Teamsters at UPS may walk off the job, which would be the largest private-sector action during this pro-labor moment.
There are 350,000 Teamsters working at UPS, according to a Labor Notes piece written by two union members. They have been working under an inadequate contract that mirror the poor working conditions across the American economy.
“UPS jobs were once considered a yardstick of secure union jobs,” write Sean Orr and Elliot Lewis. “Now 60 percent of the workforce is part-time, making around the minimum wage in many regions.”
The contract ceded power on work schedules, overtime, oversight, and made numerous other management-friendly concessions — and it did so despite a majority no vote. New drivers were to be paid on a separate tier, “make less money and get fewer overtime protections than existing drivers doing the same work.”
A rank-and-file revolt, Orr and Lewis write, led to new leadership, which is now fighting for
significant pay increase for part-timers to $25 an hour, the elimination of … two-tier wages for package car drivers, an end to forced sixth days of work, increased pension payouts for 60,000 workers so they’re more equal across the country, no driver-facing cameras, more holidays, and an end to subcontracting and the use of gig workers.
And, if these demands are not met, UPS drivers say they are prepared to walk.
If they do, the impact will be massive. The AP reports that UPS ships about “24 million packages … on an average day,” which “amounts to about a quarter of all U.S. parcel volume” or “the equivalent of about 6% of nation’s gross domestic product.”
And UPS over the last two years “are close to three times what they were before the pandemic,” writes the AP.
The Atlanta company returned about $8.6 billion to shareholders in the form of dividends and stock buybacks in 2022, and forecasts another $8.4 billion for shareholders this year.
The Teamsters’ demands should not be a surprise. They are similar to what rail workers were demanding — and in line with what academic unions like mine have fought for and won over the last two years.
Workers across the economy have grown tired of companies — both in the private sector and among public institutions — that treat us like disposable cogs. We are only asking for dignity, to be treated as fully participating humans and workers who contribute to the larger social structure and who deserve a say over what happens to us at work, where we spend two thirds of our waking lives.
We are demanding better working conditions — safer and more secure workplaces, a say in scheduling and pay that is commensurate with what we do. That’s why the unions at Rutgers (where I teach) struck, why the writers are on strike, why the rail workers voted to strike, and why workers at Starbucks, Amazon, Target, and other formerly non-union businesses are organizing.

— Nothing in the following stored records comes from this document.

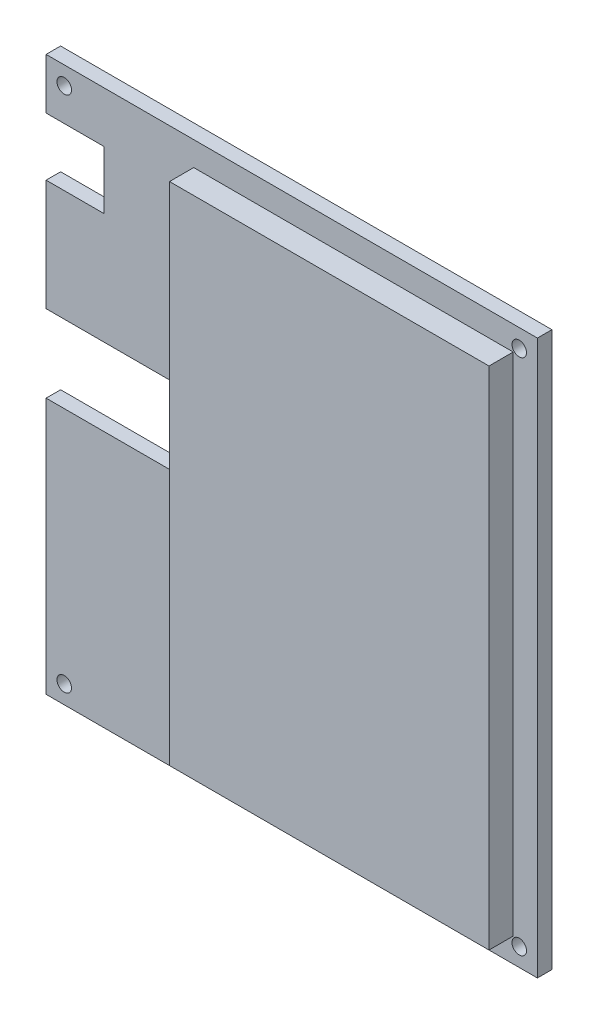
from build123d import *

# Parameters (mm, degrees)
SKETCH1_R           = 1.5
BOSS_EXTRUDE1_DEPTH = 3
SKETCH2_W           = 66
SKETCH2_H           = 104.5
BOSS_EXTRUDE2_DEPTH = 8


with BuildPart() as part:
    # Sketch1 → Boss-Extrude1 (new body)
    with BuildSketch(Plane(origin=(0, 0, 0), x_dir=(-1, 0, 0), z_dir=(0, 0, 1))):
        Polygon((50.75, 4.25), (50.75, 10.25), (50.75, 25.25), (50.75, 33.25), (50.75, 48.25), (50.75, 57.25), (-50.75, 57.25), (-50.75, -14.25), (-50.75, -41.25), (-50.75, -57.25), (-43.25, -57.25), (-13.25, -57.25), (-5.25, -57.25), (14.75, -57.25), (21.75, -57.25), (29.75, -57.25), (50.75, -57.25), (50.75, -46.75), (38.75, -46.75), (38.75, -34.75), (50.75, -34.75), (50.75, -29.75), (50.75, -20.75), (50.75, -11.75), (25.25, -11.75), (25.25, 4.25), align=None)
        with Locations((-47, -53.5)):
            Circle(SKETCH1_R, mode=Mode.SUBTRACT)
        with Locations((47, -53.5)):
            Circle(SKETCH1_R, mode=Mode.SUBTRACT)
        with Locations((-47, 53.5)):
            Circle(SKETCH1_R, mode=Mode.SUBTRACT)
        with Locations((47, 53.5)):
            Circle(SKETCH1_R, mode=Mode.SUBTRACT)
    extrude(amount=BOSS_EXTRUDE1_DEPTH)

    # Sketch2 → Boss-Extrude2 (add)
    with BuildSketch(Plane(origin=(0, 0, 0), x_dir=(-1, 0, 0), z_dir=(0, 0, -1))):
        with Locations((-12.75, 0)):
            Rectangle(SKETCH2_W, SKETCH2_H)
    extrude(amount=-BOSS_EXTRUDE2_DEPTH)


solid = part.part
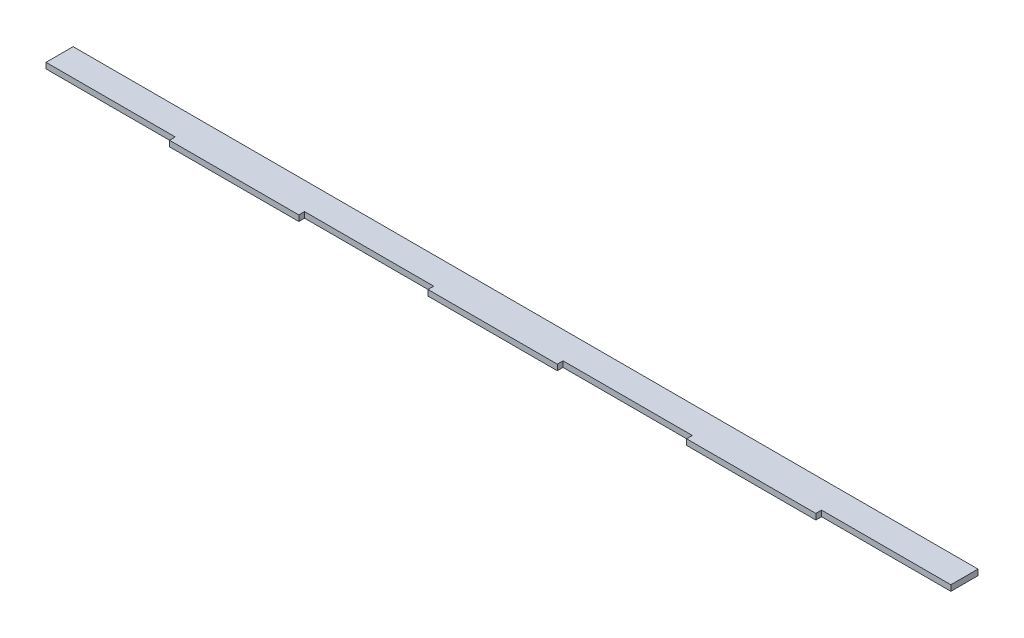
from build123d import *

# Parameters (mm, degrees)
BOSS_EXTRUDE1_DEPTH = 3.175


with BuildPart() as part:
    # Sketch1 → Boss-Extrude1 (new body)
    with BuildSketch(Plane(origin=(0, 0, 0), x_dir=(1, 0, 0), z_dir=(0, 1, 0))):
        Polygon((-21.442857143, 0), (-21.442857143, 15), (478.557142857, 15), (478.557142857, 0), (407.128571429, 0), (407.128571429, -3.175), (335.7, -3.175), (335.7, 0), (264.271428571, 0), (264.271428571, -3.175), (192.842857143, -3.175), (192.842857143, 0), (121.414285714, 0), (121.414285714, -3.175), (49.985714286, -3.175), (49.985714286, 0), align=None)
    extrude(amount=BOSS_EXTRUDE1_DEPTH)


solid = part.part
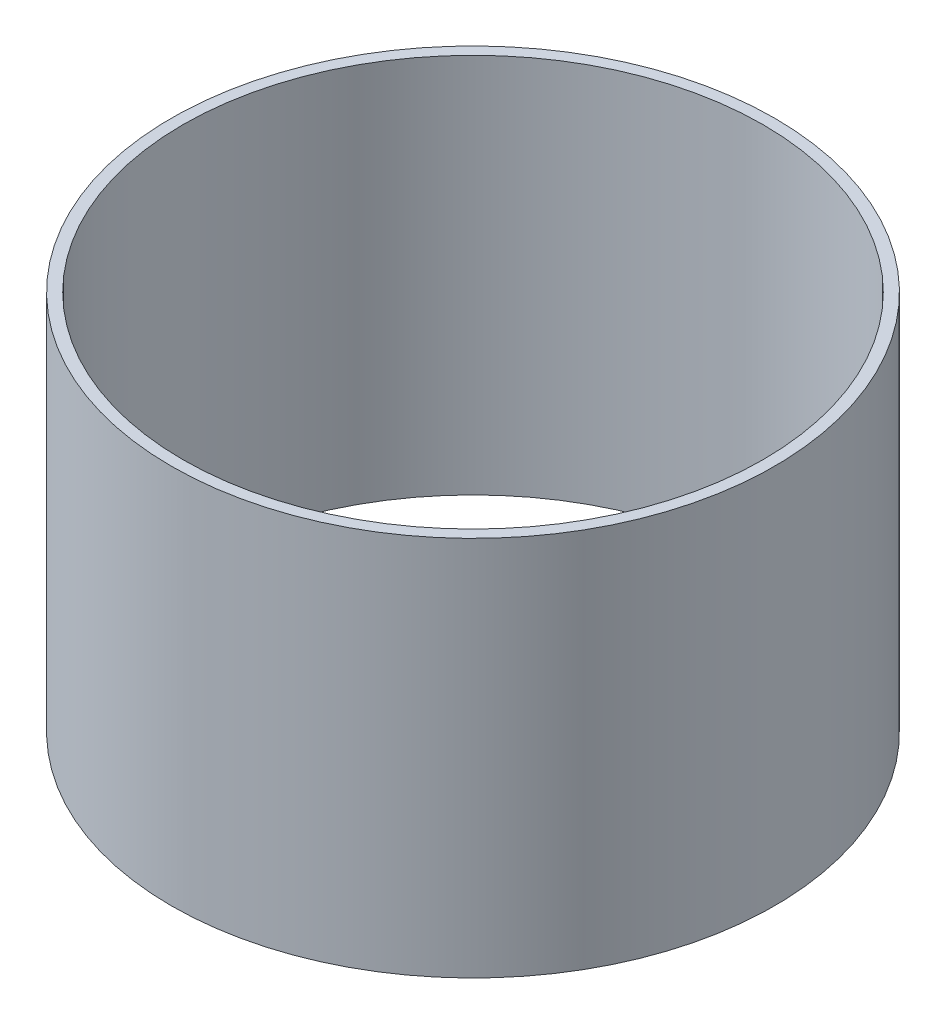
from build123d import *

# Parameters (mm, degrees)
SKETCH1_R           = 39.6
SKETCH1_R_2         = 38.1
BOSS_EXTRUDE1_DEPTH = 50


with BuildPart() as part:
    # Sketch1 → Boss-Extrude1 (new body)
    with BuildSketch(Plane(origin=(0, 0, 0), x_dir=(1, 0, 0), z_dir=(0, 1, 0))):
        Circle(SKETCH1_R)
        Circle(SKETCH1_R_2, mode=Mode.SUBTRACT)
    extrude(amount=BOSS_EXTRUDE1_DEPTH)


solid = part.part
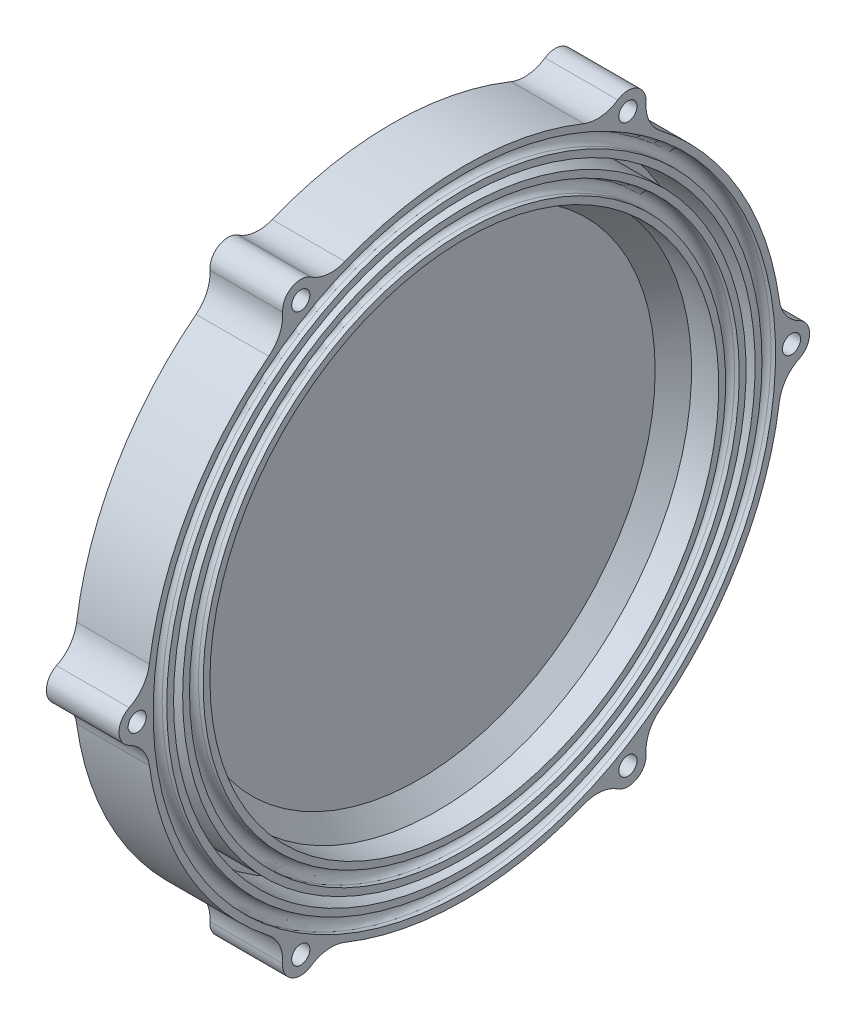
from build123d import *

# Parameters (mm, degrees)
BOSS_EXTRUDE1_START     = -25.4
SKETCH3_R               = 3.175
BOSS_EXTRUDE1_DEPTH     = 25.4
CIRPATTERN1_OUTLINE_R   = 3.175
CIRPATTERN1_OUTLINE_R_2 = 101.6
CIRPATTERN1_DEPTH       = 25.4


with BuildPart() as part:
    # Sketch1 → Revolve1 (revolve)
    with BuildSketch(Plane.XY, mode=Mode.PRIVATE) as revolve1_sk:
        Polygon((0, 111.125), (0, 0), (9.525, 0), (9.525, 82.55), (15.875, 88.9), (25.4, 88.9), (25.4, 98.425), (6.35, 98.425), (6.35, 101.6), (25.4, 101.6), (25.4, 111.125), align=None)
    revolve(revolve1_sk.sketch.rotate(Axis((0, 0, 0), (1, 0, 0)), 90), axis=Axis((0, 0, 0), (1, 0, 0)))

    # Sketch3 → Boss-Extrude1 (add)
    # profile 1 of 3: a face of its own
    with BuildSketch(Plane(origin=(25.4, 0, 0), x_dir=(0, 0, -1), z_dir=(1, 0, 0)).offset(BOSS_EXTRUDE1_START)):
        with BuildLine():
            ThreePointArc((-110.992708333, 5.420730747), (-113.998455884, 6.342836207), (-117.078125, 5.710036907))
            ThreePointArc((-117.078125, 5.710036907), (-120.65, 0), (-117.078125, -5.710036907))
            ThreePointArc((-117.078125, -5.710036907), (-113.998455884, -6.342836207), (-110.992708333, -5.420730747))
            ThreePointArc((-110.992708333, -5.420730747), (-111.09192216, -2.71117239), (-111.125, 0))
            ThreePointArc((-111.125, 0), (-111.09192216, 2.71117239), (-110.992708333, 5.420730747))
        make_face()
        with Locations((-114.3, 0)):
            Circle(SKETCH3_R, mode=Mode.SUBTRACT)
    # profile 2 of 3: a face of its own
    with BuildSketch(Plane(origin=(25.4, 0, 0), x_dir=(0, 0, -1), z_dir=(1, 0, 0)).offset(BOSS_EXTRUDE1_START)):
        with BuildLine():
            ThreePointArc((-110.056490385, 15.373176289), (-112.36034097, 9.664574924), (-117.078125, 5.710036907))
            ThreePointArc((-117.078125, 5.710036907), (-113.998455884, 6.342836207), (-110.992708333, 5.420730747))
            ThreePointArc((-110.992708333, 5.420730747), (-110.636566543, 10.407486174), (-110.056490385, 15.373176289))
        make_face()
    # profile 3 of 3: a face of its own
    with BuildSketch(Plane(origin=(25.4, 0, 0), x_dir=(0, 0, -1), z_dir=(1, 0, 0)).offset(BOSS_EXTRUDE1_START)):
        with BuildLine():
            ThreePointArc((-110.992708333, -5.420730747), (-113.998455884, -6.342836207), (-117.078125, -5.710036907))
            ThreePointArc((-117.078125, -5.710036907), (-112.36034097, -9.664574924), (-110.056490385, -15.373176289))
            ThreePointArc((-110.056490385, -15.373176289), (-110.636566543, -10.407486174), (-110.992708333, -5.420730747))
        make_face()
    extrude(amount=BOSS_EXTRUDE1_DEPTH)

    # CirPattern1: read off the stored shape, not the designer's step
    # CirPattern1 outline → CirPattern1 (add)
    with BuildSketch(Plane.YZ):
        with BuildLine():
            ThreePointArc((-5.710036907, 117.078125), (-9.664574924, 112.36034097), (-15.373176289, 110.056490385))
            ThreePointArc((-15.373176289, 110.056490385), (-55.5625, 96.237072996), (-87.62512838, 68.341806396))
            ThreePointArc((-87.62512838, 68.341806396), (-92.474622196, 64.549937886), (-98.537612024, 63.484099518))
            ThreePointArc((-98.537612024, 63.484099518), (-104.485964967, 60.325), (-104.247648931, 53.594025482))
            ThreePointArc((-104.247648931, 53.594025482), (-102.13919712, 47.810403084), (-102.998304669, 41.714683989))
            ThreePointArc((-102.998304669, 41.714683989), (-111.125, 0), (-102.998304669, -41.714683989))
            ThreePointArc((-102.998304669, -41.714683989), (-102.13919712, -47.810403084), (-104.247648931, -53.594025482))
            ThreePointArc((-104.247648931, -53.594025482), (-104.485964967, -60.325), (-98.537612024, -63.484099518))
            ThreePointArc((-98.537612024, -63.484099518), (-92.474622196, -64.549937886), (-87.62512838, -68.341806396))
            ThreePointArc((-87.62512838, -68.341806396), (-55.5625, -96.237072996), (-15.373176289, -110.056490385))
            ThreePointArc((-15.373176289, -110.056490385), (-9.664574924, -112.36034097), (-5.710036907, -117.078125))
            ThreePointArc((-5.710036907, -117.078125), (0, -120.65), (5.710036907, -117.078125))
            ThreePointArc((5.710036907, -117.078125), (9.664574924, -112.36034097), (15.373176289, -110.056490385))
            ThreePointArc((15.373176289, -110.056490385), (55.5625, -96.237072996), (87.62512838, -68.341806396))
            ThreePointArc((87.62512838, -68.341806396), (92.474622196, -64.549937886), (98.537612024, -63.484099518))
            ThreePointArc((98.537612024, -63.484099518), (104.485964967, -60.325), (104.247648931, -53.594025482))
            ThreePointArc((104.247648931, -53.594025482), (102.13919712, -47.810403084), (102.998304669, -41.714683989))
            ThreePointArc((102.998304669, -41.714683989), (111.125, 0), (102.998304669, 41.714683989))
            ThreePointArc((102.998304669, 41.714683989), (102.13919712, 47.810403084), (104.247648931, 53.594025482))
            ThreePointArc((104.247648931, 53.594025482), (104.485964967, 60.325), (98.537612024, 63.484099518))
            ThreePointArc((98.537612024, 63.484099518), (92.474622196, 64.549937886), (87.62512838, 68.341806396))
            ThreePointArc((87.62512838, 68.341806396), (55.5625, 96.237072996), (15.373176289, 110.056490385))
            ThreePointArc((15.373176289, 110.056490385), (9.664574924, 112.36034097), (5.710036907, 117.078125))
            ThreePointArc((5.710036907, 117.078125), (0, 120.65), (-5.710036907, 117.078125))
        make_face()
        with Locations((-98.986703653, -57.15)):
            Circle(CIRPATTERN1_OUTLINE_R, mode=Mode.SUBTRACT)
        with Locations((0, -114.3)):
            Circle(CIRPATTERN1_OUTLINE_R, mode=Mode.SUBTRACT)
        with Locations((98.986703653, -57.15)):
            Circle(CIRPATTERN1_OUTLINE_R, mode=Mode.SUBTRACT)
        with Locations((-98.986703653, 57.15)):
            Circle(CIRPATTERN1_OUTLINE_R, mode=Mode.SUBTRACT)
        Circle(CIRPATTERN1_OUTLINE_R_2, mode=Mode.SUBTRACT)
        with Locations((98.986703653, 57.15)):
            Circle(CIRPATTERN1_OUTLINE_R, mode=Mode.SUBTRACT)
        with Locations((0, 114.3)):
            Circle(CIRPATTERN1_OUTLINE_R, mode=Mode.SUBTRACT)
    extrude(amount=CIRPATTERN1_DEPTH)

    # Cut-Sweep1: sweep along a path in Sketch4
    with BuildLine(Plane(origin=(25.4, 0, 0), x_dir=(0, 0, -1), z_dir=(1, 0, 0))) as cut_sweep1_path:
        CenterArc((0, 0), 106.3625, 0, 360)
    # Sketch6 → Cut-Sweep1 (sweep, cut)
    with BuildSketch(Plane.XY):
        with BuildLine():
            Line((23.8125, 108.74375), (26.19375, 108.74375))
            Line((26.19375, 108.74375), (26.19375, 103.98125))
            Line((26.19375, 103.98125), (23.8125, 103.98125))
            ThreePointArc((23.8125, 103.98125), (21.43125, 106.3625), (23.8125, 108.74375))
        make_face()
        with BuildLine():
            Line((23.8125, 91.28125), (26.19375, 91.28125))
            Line((26.19375, 91.28125), (26.19375, 96.04375))
            Line((26.19375, 96.04375), (23.8125, 96.04375))
            ThreePointArc((23.8125, 96.04375), (21.43125, 93.6625), (23.8125, 91.28125))
        make_face()
    sweep(path=cut_sweep1_path.line, mode=Mode.SUBTRACT)


solid = part.part
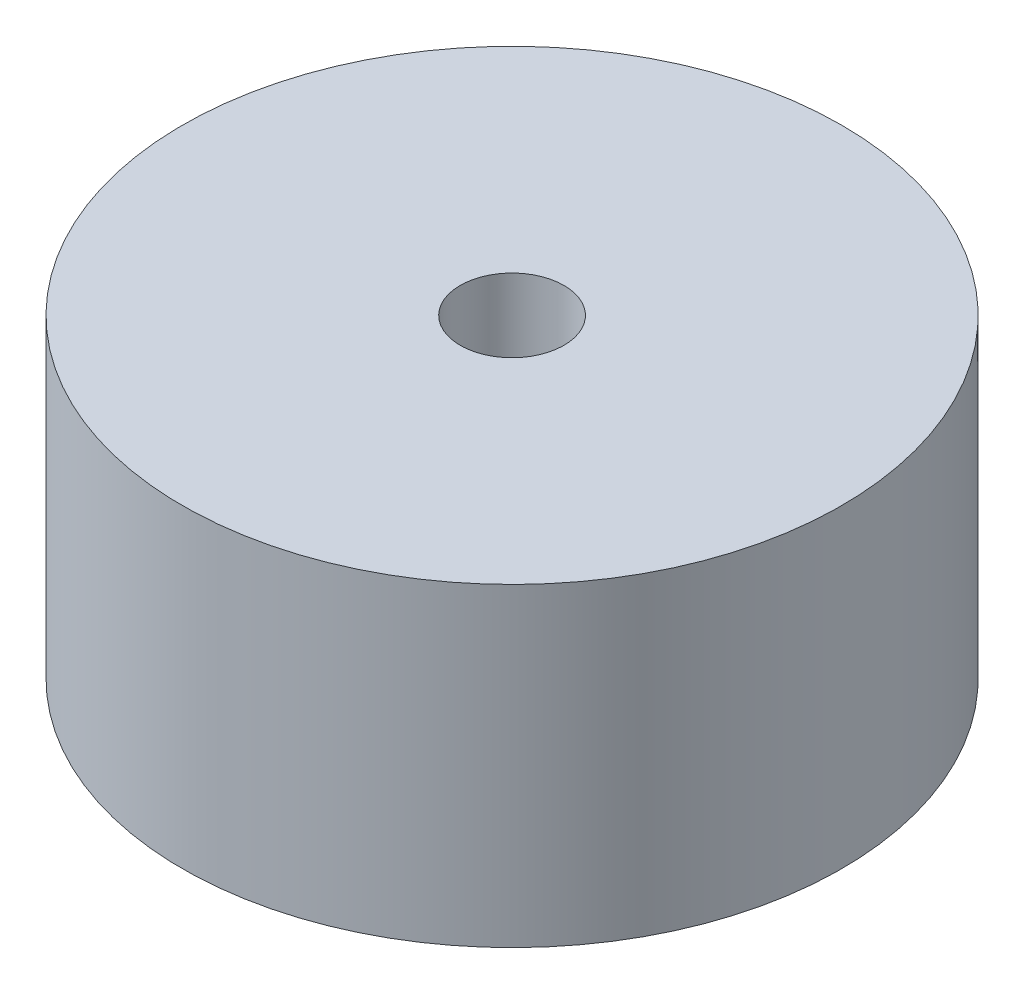
from build123d import *

# Parameters (mm, degrees)
SKETCH1_R           = 31.75
BOSS_EXTRUDE1_DEPTH = 30.3
SKETCH2_R           = 5
CUT_EXTRUDE1_DEPTH  = 55.168394844


with BuildPart() as part:
    # Sketch1 → Boss-Extrude1 (new body)
    with BuildSketch(Plane(origin=(0, 0, 0), x_dir=(1, 0, 0), z_dir=(0, 1, 0))):
        Circle(SKETCH1_R)
    extrude(amount=BOSS_EXTRUDE1_DEPTH)

    # Sketch2 → Cut-Extrude1 (cut, through all)
    with BuildSketch(Plane.XZ):
        Circle(SKETCH2_R)
    extrude(amount=-CUT_EXTRUDE1_DEPTH, mode=Mode.SUBTRACT)


solid = part.part

We fight because we have to, because not fighting leaves all the power in the hands of the people who run the corporations and the public entities that have been operating like corporations. We fight because corporate capitalism is structured to generate wealth but to keep the wealth from flowing to workers. Everything is tied to a “bottom line,” to profit, and it is why our healthcare system costs more than any other industrialized country but still fails to cover everyone, why as many as one in six Americans lack access to health food or find themselves homeless on any given night.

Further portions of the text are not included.